Keyless Cars and Their Carbon Monoxide Toll - ytNumbers
https://www.nytimes.com/2018/05/13/business/deadly-convenience-keyless-cars-and-their-carbon-monoxide-toll.html
======
t0mas88
I'm not really surprised Toyota is mentioned as being involved in half the
cases. Because they sell large numbers of hybrids and those have a much higher
risk. The car can be "on" without the combustion engine running, so there is
no sound to alert the driver that the car is still on. Then over time when the
battery charge decreases the car will automatically start the engine to
recharge.

------
dmckeon
For anyone with family members at risk, detectors for CO and smoke with
10-year batteries can be had for $40 USD.

More information is available from: [https://sdinspect.com/health-and-
safety/new-law-regarding-ca...](https://sdinspect.com/health-and-safety/new-
law-regarding-carbon-monoxide-detectors/)

------
klondike_
Combustion engine cars reached their technological peak in the 90s and since
then most new features have been pointless gimmicks.
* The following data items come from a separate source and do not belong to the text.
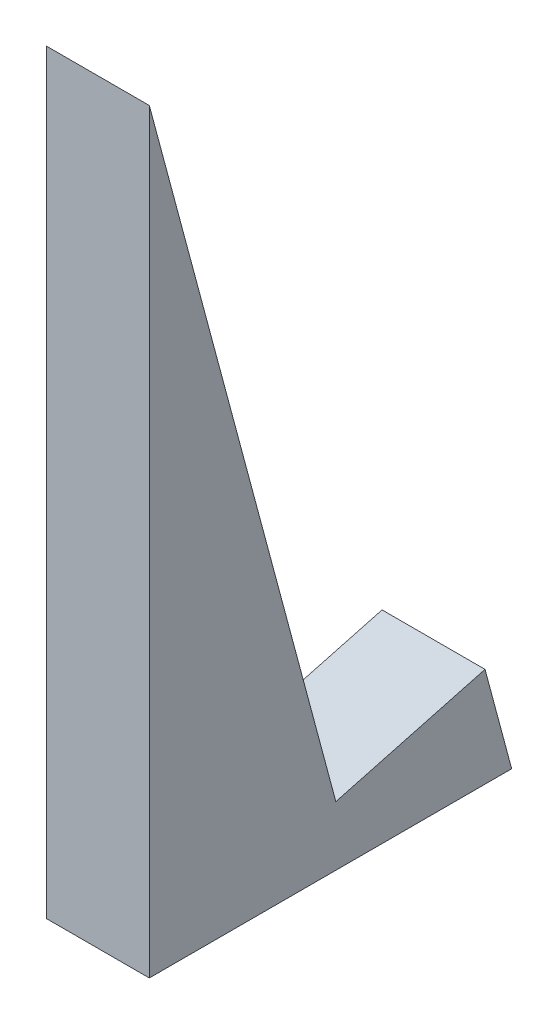
SolidWorks part; units mm, degrees
ref_plane "Plan de face" through (0, 0, 0) normal (0, 0, 1) x (1, 0, 0)
ref_plane "Plan de dessus" through (0, 0, 0) normal (0, 1, 0) x (1, 0, 0)
ref_plane "Plan de droite" through (0, 0, 0) normal (1, 0, 0) x (0, 0, -1)
sketch "Esquisse1" plane through (0, 0, 0) normal (1, 0, 0) x (0, 0, -1)
  line L0 (0, 0) -> (35.1944, 0)
  line L1 (35.1944, 0) -> (32.6062, 9.6593)
  line L2 (32.6062, 9.6593) -> (18.1173, 5.777)
  line L3 (18.1173, 5.777) -> (0, 73.3918)
  line L4 (0, 73.3918) -> (0, 0)
  line L6 (18.1173, 5.777) -> (18.1173, -6.3408) construction
  line L7 (32.6062, 9.6593) -> (32.6062, 0) construction
  point P3 (18.1173, 0)
  point P7 (18.1173, 0)
  point P9 (0, 0)
  dimension "D1" = 75
  dimension "D2" = 10
  dimension "D3" = 15
  dimension "D4" = 70
extrude "Boss.-Extru.1" add sketch "Esquisse1" along normal blind 10

Case in point: keyless
entry. It hardly saves any time or effort compared to inserting a key and
turning it, and puts the driver in more risk.

------
dmckeon
Discussion at dupe post:
[https://news.ycombinator.com/item?id=17061411](https://news.ycombinator.com/item?id=17061411)

------
everdrive
A non-problem (remote ignition systems) causes another non-problem (thinking
about how exhaust works) -- being a luddite is sometimes the correct position.